Gotta say thanks for the levity Mike, yours is the only one all day. Although not the "best ever" it rates in the top ten, well done.


----------



## chewy (Apr 1, 2013)

I thought you guys might like this.  I just stumbled on this video doing a v-gun search.

erin


----------



## BoilerMan (Apr 1, 2013)

"this unit is designed to ONLY 'burn' wet wood" I love it.  Mike that is what you need!  no need to season any more.  And look at how efficient it is, there is nothing comming out the stack, um is the guy blind? 

TS


----------



## mikefrommaine (Apr 1, 2013)

Takes 16-17 firings a day. And he can't believe how efficient it is?


----------



## chewy (Apr 1, 2013)

One thing I noticed right off the bat was that it has a light bulb.  You just don't see that on any of those euro gassers.  It's such a simple concept.  

Taylor I think what you are seeing from the stack is water vapor.

Erin


----------



## infinitymike (Apr 2, 2013)

Fred61 said:


> I was starting to feel sorry for you Just because of the word "Gun" in the name.


 
Always gotta throw a dig out there.


----------



## Fred61 (Apr 2, 2013)

infinitymike said:


> Always gotta throw a dig out there.


 Depends on your/my viewpoint. From your angle it seems like a "dig". From my point of view I purchased a product and got royally screwed and have a good reason to feel the way I do and to be able to express my feelings. We have opinions from owners expressing the merits and the pitfalls of various units on this forum and I should be as eligable to do so as anyone else here.


----------



## heaterman (Apr 2, 2013)

chewy said:


> I thought you guys might like this. I just stumbled on this video doing a v-gun search.
> 
> erin


 

Someone tell me this is an April Fool's day joke. Please........just please let it be a joke....

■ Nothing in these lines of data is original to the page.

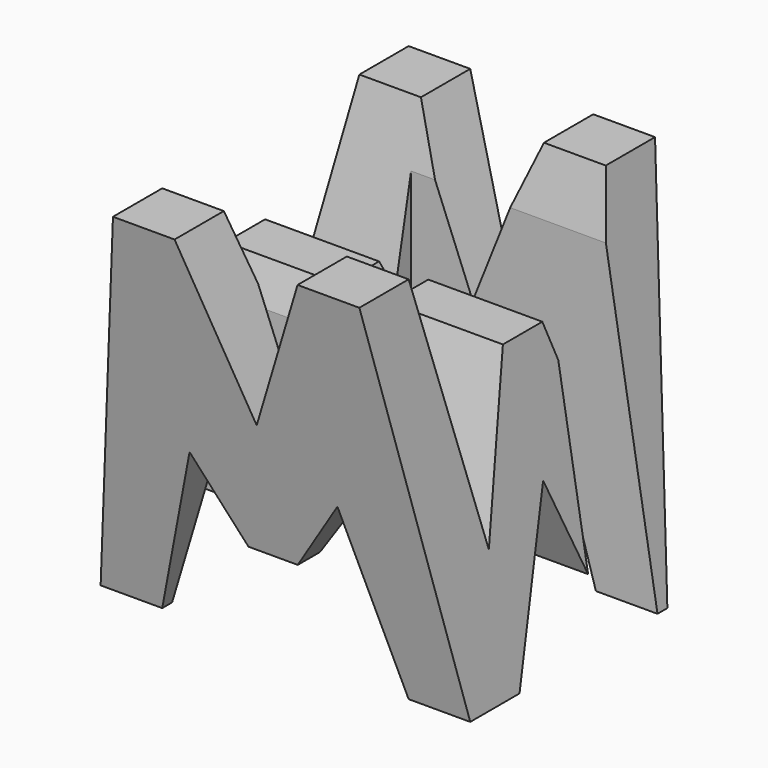
from build123d import *

# Parameters (mm, degrees)
F0_W      = 38.1
F0_H      = 38.099996
F1_DEPTH  = 38.1
F6_DEPTH  = 38.1
F8_DEPTH  = 38.1
F9_W      = 25.4
F9_H      = 7.62
F10_DEPTH = 38.1


# Not quite as in the source:
# - ends of sketch curves that miss each other by under 0.0002 mm in the source are joined


with BuildPart() as f1:
    # F0 (on Front) → F1 (new body)
    with BuildSketch(Plane.XZ):
        with Locations((19.05, 19.049998)):
            Rectangle(F0_W, F0_H)
    extrude(amount=F1_DEPTH)

    # F5 (on offset) → F6 (cut)
    with BuildSketch(Plane.YZ.offset(38.1)):
        Polygon((0, 0), (0, 38.099999), (-6.35, 0), align=None)
        Polygon((-11.43, 13.398314), (-6.35, 38.099999), (-31.75, 38.1), (-26.67, 12.888374), (-21.59, 28.575), (-16.51, 28.575), align=None)
        Polygon((-25.4, 0), (-12.7, 0), (-19.05, 15.875), align=None)
        Polygon((-31.75, 0), (-38.1, 38.1), (-38.1, 0), align=None)
    extrude(amount=-F6_DEPTH, mode=Mode.SUBTRACT)

    # F7 (on offset) → F8 (cut)
    with BuildSketch(Plane.XZ.offset(38.1)):
        Polygon((0, 38.100007), (0, 0), (6.35, 38.1), align=None)
        Polygon((25.4, 38.154688), (12.7, 38.1), (19.05, 22.225), align=None)
        Polygon((31.75, 38.1), (38.1, 0), (38.1, 38.100007), align=None)
        Polygon((11.43, 16.971819), (6.35, 0), (31.75, 0), (26.67, 16.971819), (21.59, 9.525), (16.51, 9.525), align=None)
    extrude(amount=-F8_DEPTH, mode=Mode.SUBTRACT)

    # F9 (on offset) → F10 (cut)
    with BuildSketch(Plane.XY.offset(38.1)):
        with Locations((25.4, -11.43)):
            Rectangle(F9_W, F9_H)
        with Locations((12.7, -26.67)):
            Rectangle(F9_W, F9_H)
    extrude(amount=-F10_DEPTH, mode=Mode.SUBTRACT)


solid = f1.part
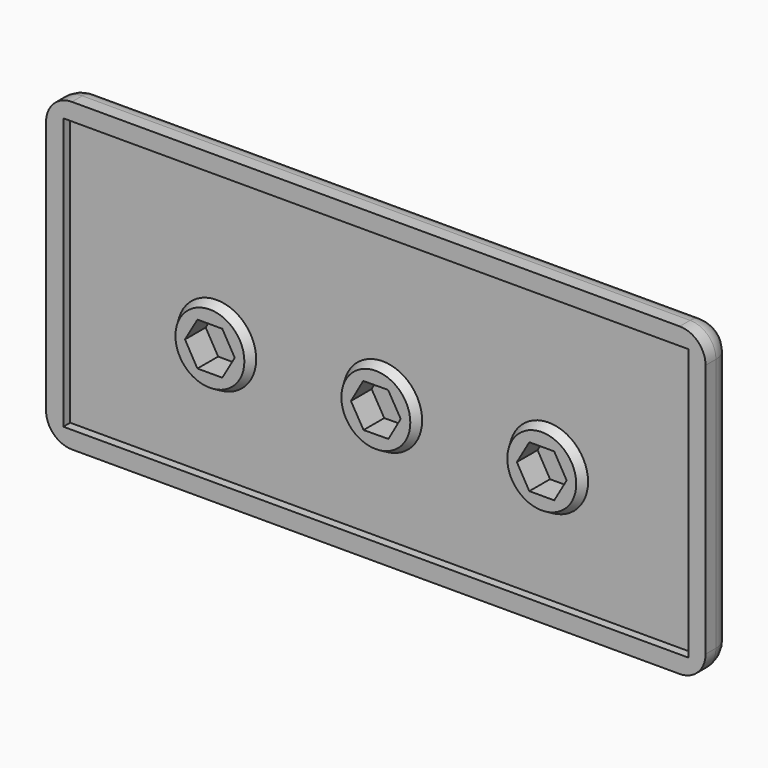
from build123d import *

# Parameters (mm, degrees)
F0_W          = 76.5
F0_H          = 35.5
F1_DEPTH      = 4
F2_W          = 72.5
F2_H          = 31.5
F3_DEPTH      = 1
F5_R          = 6
F7_DEPTH      = 1
F6_R          = 6
F8_DEPTH      = 1
F13_DEPTH     = 3
F14_R         = 2.5
F15_T1_DEPTH  = 11.5
F15_T4_ANGLE  = 90
F15_T6_ANGLE  = 90
F15_T8_ANGLE  = 90
F15_T10_ANGLE = 90


# Not quite as in the source:
# - a fillet or chamfer that OpenCascade refuses, or shapes differently, is made with other operations: its cross-section is extruded or revolved along the edge and cut away or added


with BuildPart() as f1:
    # F0 (on Front) → F1 (new body)
    with BuildSketch(Plane.XZ):
        Rectangle(F0_W, F0_H)
    extrude(amount=F1_DEPTH)

    # F2 (on face) → F3 (cut)
    with BuildSketch(Plane.XZ.offset(4)):
        Rectangle(F2_W, F2_H)
    extrude(amount=-F3_DEPTH, mode=Mode.SUBTRACT)

    # F5 (on face) → F7 (join)
    with BuildSketch(Plane.XZ.offset(3)):
        with Locations((0, -2.25)):
            Circle(F5_R)
    extrude(amount=F7_DEPTH)

    # F6 (on face) → F8 (join)
    with BuildSketch(Plane.XZ.offset(3)):
        with Locations((19.25, -2.25)):
            Circle(F6_R)
        with Locations((-19.25, -2.25)):
            Circle(F6_R)
    extrude(amount=F8_DEPTH)

    # F9: chamfer of 2 x 3.5 on 3 edges, made by hand


with BuildPart() as f9_tool2:
    # F9_s3 → F9_t4 (revolve)
    with BuildSketch(Plane.XY.offset(-2.25)):
        Polygon((6, -0.5), (4, -4), (6, -4), align=None)
    revolve(axis=Axis((0, -4, -2.25), (0, -1, 0)))

    split(bisect_by=Plane.XZ.offset(3), keep=Keep.TOP)


with BuildPart() as f1_1:
    add(f1.part)

    # F9_t1: cut F9_tool2
    add(f9_tool2.part, mode=Mode.SUBTRACT)


with BuildPart() as f9_tool7:
    # F9_s8 → F9_t9 (revolve)
    with BuildSketch(Plane.XY.offset(-2.25)):
        Polygon((-13.25, -0.5), (-15.25, -4), (-13.25, -4), align=None)
    revolve(axis=Axis((-19.25, -4, -2.25), (0, -1, 0)))

    split(bisect_by=Plane.XZ.offset(3), keep=Keep.TOP)


with BuildPart() as f1_2:
    add(f1_1.part)

    # F9_t6: cut F9_tool7
    add(f9_tool7.part, mode=Mode.SUBTRACT)


with BuildPart() as f9_tool12:
    # F9_s13 → F9_t14 (revolve)
    with BuildSketch(Plane.XY.offset(-2.25)):
        Polygon((25.25, -0.5), (23.25, -4), (25.25, -4), align=None)
    revolve(axis=Axis((19.25, -4, -2.25), (0, -1, 0)))

    split(bisect_by=Plane.XZ.offset(3), keep=Keep.TOP)


with BuildPart() as f1_3:
    add(f1_2.part)

    # F9_t11: cut F9_tool12
    add(f9_tool12.part, mode=Mode.SUBTRACT)

    # F10 (on face) + F12 (on face) + F11 (on face) → F13 (cut)
    with BuildSketch(Plane.XZ.offset(4)):
        Polygon((-1.464609527, 0.2376197995), (-2.8866467048, -2.2745791573), (-1.4220371778, -4.7621989567), (1.464609527, -4.7376197995), (2.8866467048, -2.2254208427), (1.4220371778, 0.2621989567), align=None)
    with BuildSketch(Plane.XZ.offset(4)):
        Polygon((-17.806624327, 0.25), (-20.693375673, 0.25), (-22.1367513459, -2.25), (-20.693375673, -4.75), (-17.806624327, -4.75), (-16.3632486541, -2.25), align=None)
    with BuildSketch(Plane.XZ.offset(4)):
        Polygon((20.693375673, 0.25), (17.806624327, 0.25), (16.3632486541, -2.25), (17.806624327, -4.75), (20.693375673, -4.75), (22.1367513459, -2.25), align=None)
    extrude(amount=-F13_DEPTH, mode=Mode.SUBTRACT)

    # F14
    f14_edges = [f1_3.edges().sort_by_distance(p)[0] for p in [
        (0, 0, 17.75),
        (38.25, 0, 0),
        (0, 0, -17.75),
        (-38.25, 0, 0),
    ]]
    fillet(f14_edges, radius=F14_R)

    # F15: fillet of radius 3 on 8 edges, made by hand

    # F15_s2 → F15_t1 (cut)
    with BuildSketch(Plane.XZ):
        with BuildLine():
            ThreePointArc((35.25, 17.75), (37.3713203436, 16.8713203436), (38.25, 14.75))
            Line((38.25, 14.75), (38.25, 17.75))
            Line((38.25, 17.75), (35.25, 17.75))
        make_face()
        with BuildLine():
            ThreePointArc((38.25, -14.75), (37.3713203436, -16.8713203436), (35.25, -17.75))
            Line((35.25, -17.75), (38.25, -17.75))
            Line((38.25, -17.75), (38.25, -14.75))
        make_face()
        with BuildLine():
            ThreePointArc((-35.25, 17.75), (-37.3713203436, 16.8713203436), (-38.25, 14.75))
            Line((-38.25, 14.75), (-38.25, 17.75))
            Line((-38.25, 17.75), (-35.25, 17.75))
        make_face()
        with BuildLine():
            ThreePointArc((-38.25, -14.75), (-37.3713203436, -16.8713203436), (-35.25, -17.75))
            Line((-35.25, -17.75), (-38.25, -17.75))
            Line((-38.25, -17.75), (-38.25, -14.75))
        make_face()
    extrude(amount=F15_T1_DEPTH, mode=Mode.SUBTRACT)

    # F15_s3 → F15_t4 (revolve, cut)
    with BuildSketch(Plane.YZ.offset(35.25)):
        with BuildLine():
            ThreePointArc((0, 15.25), (-0.732233047, 17.017766953), (-2.5, 17.75))
            Line((-2.5, 17.75), (0, 17.75))
            Line((0, 17.75), (0, 15.25))
        make_face()
    revolve(axis=Axis((35.25, 0, 14.75), (0, 1, 0)), revolution_arc=F15_T4_ANGLE, mode=Mode.SUBTRACT)

    # F15_s5 → F15_t6 (revolve, cut)
    with BuildSketch(Plane.XY.offset(-14.75)):
        with BuildLine():
            ThreePointArc((35.75, 0), (37.517766953, -0.732233047), (38.25, -2.5))
            Line((38.25, -2.5), (38.25, 0))
            Line((38.25, 0), (35.75, 0))
        make_face()
    revolve(axis=Axis((35.25, 0, -14.75), (0, 1, 0)), revolution_arc=F15_T6_ANGLE, mode=Mode.SUBTRACT)

    # F15_s7 → F15_t8 (revolve, cut)
    with BuildSketch(Plane.XY.offset(14.75)):
        with BuildLine():
            ThreePointArc((-35.75, 0), (-37.517766953, -0.732233047), (-38.25, -2.5))
            Line((-38.25, -2.5), (-38.25, 0))
            Line((-38.25, 0), (-35.75, 0))
        make_face()
    revolve(axis=Axis((-35.25, 0, 14.75), (0, 1, 0)), revolution_arc=F15_T8_ANGLE, mode=Mode.SUBTRACT)

    # F15_s9 → F15_t10 (revolve, cut)
    with BuildSketch(Plane.YZ.offset(-35.25)):
        with BuildLine():
            ThreePointArc((0, -15.25), (-0.732233047, -17.017766953), (-2.5, -17.75))
            Line((-2.5, -17.75), (0, -17.75))
            Line((0, -17.75), (0, -15.25))
        make_face()
    revolve(axis=Axis((-35.25, 0, -14.75), (0, 1, 0)), revolution_arc=F15_T10_ANGLE, mode=Mode.SUBTRACT)


solid = f1_3.part
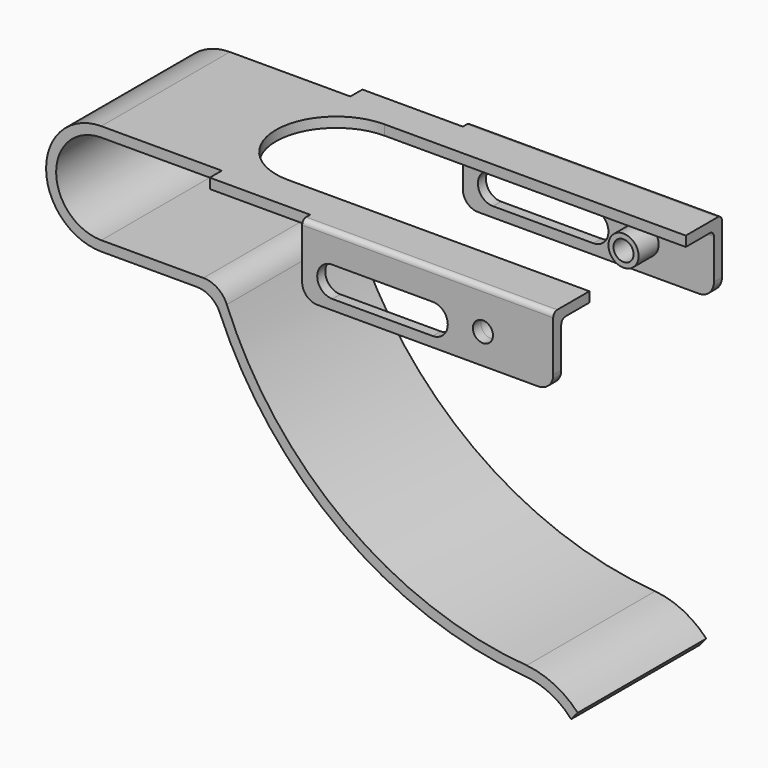
from build123d import *

# Parameters (mm, degrees)
F1_DEPTH  = 16
F2_W      = 70
F2_H      = 3
F3_DEPTH  = 2
F4_W      = 50
F4_H      = 14
F5_DEPTH  = 2
F6_R      = 1
F9_DEPTH  = 2
F11_DEPTH = 42.001
F13_D     = 4
F14_R     = 3
F14_R_2   = 2
F15_DEPTH = 5
F16_R     = 3


# Not quite as in the source:
# - a pattern or mirror of a feature is missing from the dataset's text; its kind, count and spacing are read off the source's solid


with BuildPart() as f1:
    # F0 (on Front) → F1 (new body)
    with BuildSketch(Plane.XZ):
        with BuildLine():
            ThreePointArc((0, -9), (-9, 0), (0, 9))
            Line((0, 9), (94, 9))
            Line((94, 9), (94, 11))
            Line((94, 11), (0, 11))
            ThreePointArc((0, 11), (-11, 0), (0, -11))
            Line((0, -11), (19, -11))
            ThreePointArc((19, -11), (21.7681124643, -11.8361612201), (23.6103896104, -14.064978646))
            ThreePointArc((23.6103896104, -14.064978646), (47.704208574, -44.4678662727), (84.0759449666, -57.9565459739))
            ThreePointArc((84.0759449666, -57.9565459739), (89.2804195373, -59.3196982134), (93.5865207758, -62.5449473062))
            Line((93.5865207758, -62.5449473062), (94.8828854905, -61))
            ThreePointArc((94.8828854905, -61), (90.2510294077, -57.5678191663), (84.7034264019, -56))
            ThreePointArc((84.7034264019, -56), (48.5673164119, -42.6217020739), (24.9861322889, -12.1467114099))
            ThreePointArc((24.9861322889, -12.1467114099), (23.1470623984, -9.8607704249), (20.3422845953, -9))
            Line((20.3422845953, -9), (0, -9))
        make_face()
    extrude(amount=F1_DEPTH)

    # F2 (on face) → F3 (join)
    with BuildSketch(Plane.XY.offset(11)):
        with Locations((59, -17.5)):
            Rectangle(F2_W, F2_H)
    extrude(amount=-F3_DEPTH)

    # F4 (on face) → F5 (join)
    with BuildSketch(Plane.XZ.offset(19)):
        with Locations((69, 4)):
            Rectangle(F4_W, F4_H)
    extrude(amount=F5_DEPTH)

    # F6
    f6_edges = [f1.edges().sort_by_distance(p)[0] for p in [
        (69, -21, 11),
        (69, -19, 9),
    ]]
    fillet(f6_edges, radius=F6_R)

    # F7: F1 across plane


with BuildPart() as f1_1:
    add(f1.part)
    add(f1.part.mirror(Plane.XZ))

    # F8 (on face) → F9 (cut)
    with BuildSketch(Plane.XY.offset(11)):
        with BuildLine():
            Line((94, 12), (34, 12))
            ThreePointArc((34, 12), (22, 0), (34, -12))
            Line((34, -12), (94, -12))
            Line((94, -12), (94, 12))
        make_face()
    extrude(amount=-F9_DEPTH, mode=Mode.SUBTRACT)

    # F10 (on face) → F11 (cut, through all)
    with BuildSketch(Plane.XZ.offset(21)):
        with BuildLine():
            ThreePointArc((50, 5), (47, 2), (50, -1))
            Line((50, -1), (70, -1))
            ThreePointArc((70, -1), (73, 2), (70, 5))
            Line((70, 5), (50, 5))
        make_face()
    extrude(amount=-F11_DEPTH, mode=Mode.SUBTRACT)

    # F13 (through all)
    with Locations(Plane.XZ.offset(21)):
        with Locations((80, 3)):
            Hole(F13_D / 2)

    # F14 (on face) → F15 (join)
    with BuildSketch(Plane(origin=(0, -19, 0), x_dir=(-1, 0, 0), z_dir=(0, 1, 0))):
        with Locations((-80, 3)):
            Circle(F14_R)
        with Locations((-80, 3)):
            Circle(F14_R_2, mode=Mode.SUBTRACT)
    f15 = extrude(amount=F15_DEPTH)

    # F15_copies: F15 across plane
    add(f15.mirror(Plane.ZX))

    # F16
    f16_edges = [f1_1.edges().sort_by_distance(p)[0] for p in [
        (94, 20, -3),
        (44, 20, -3),
        (44, -20, -3),
        (94, -20, -3),
    ]]
    fillet(f16_edges, radius=F16_R)


solid = f1_1.part

LOL that is a great video Erin.


----------



## chewy (Apr 2, 2013)

heaterman said:


> Someone tell me this is an April Fool's day joke.  Please........just please let it be a joke....


I wish I could, but unfortunately I can't!  On the upside I have a light bulb!

Erin


----------



## BoilerMan (Apr 2, 2013)

chewy said:


> One thing I noticed right off the bat was that it has a light bulb. You just don't see that on any of those euro gassers. It's such a simple concept.
> 
> Taylor I think what you are seeing from the stack is water vapor.
> 
> Erin


 
I thnk it's unburned hydrocarbons AKA smoke. Smoke lingers after the white water vapor, and this bluish stuff coming out of the stack looks like smoke to me. Water vapor would be white, but if you burn wet wood........I guess you'd have alot of water.........which has to go somewhere, cold combustion, as the boiling water only boils at 212F at atmosphereic pressure.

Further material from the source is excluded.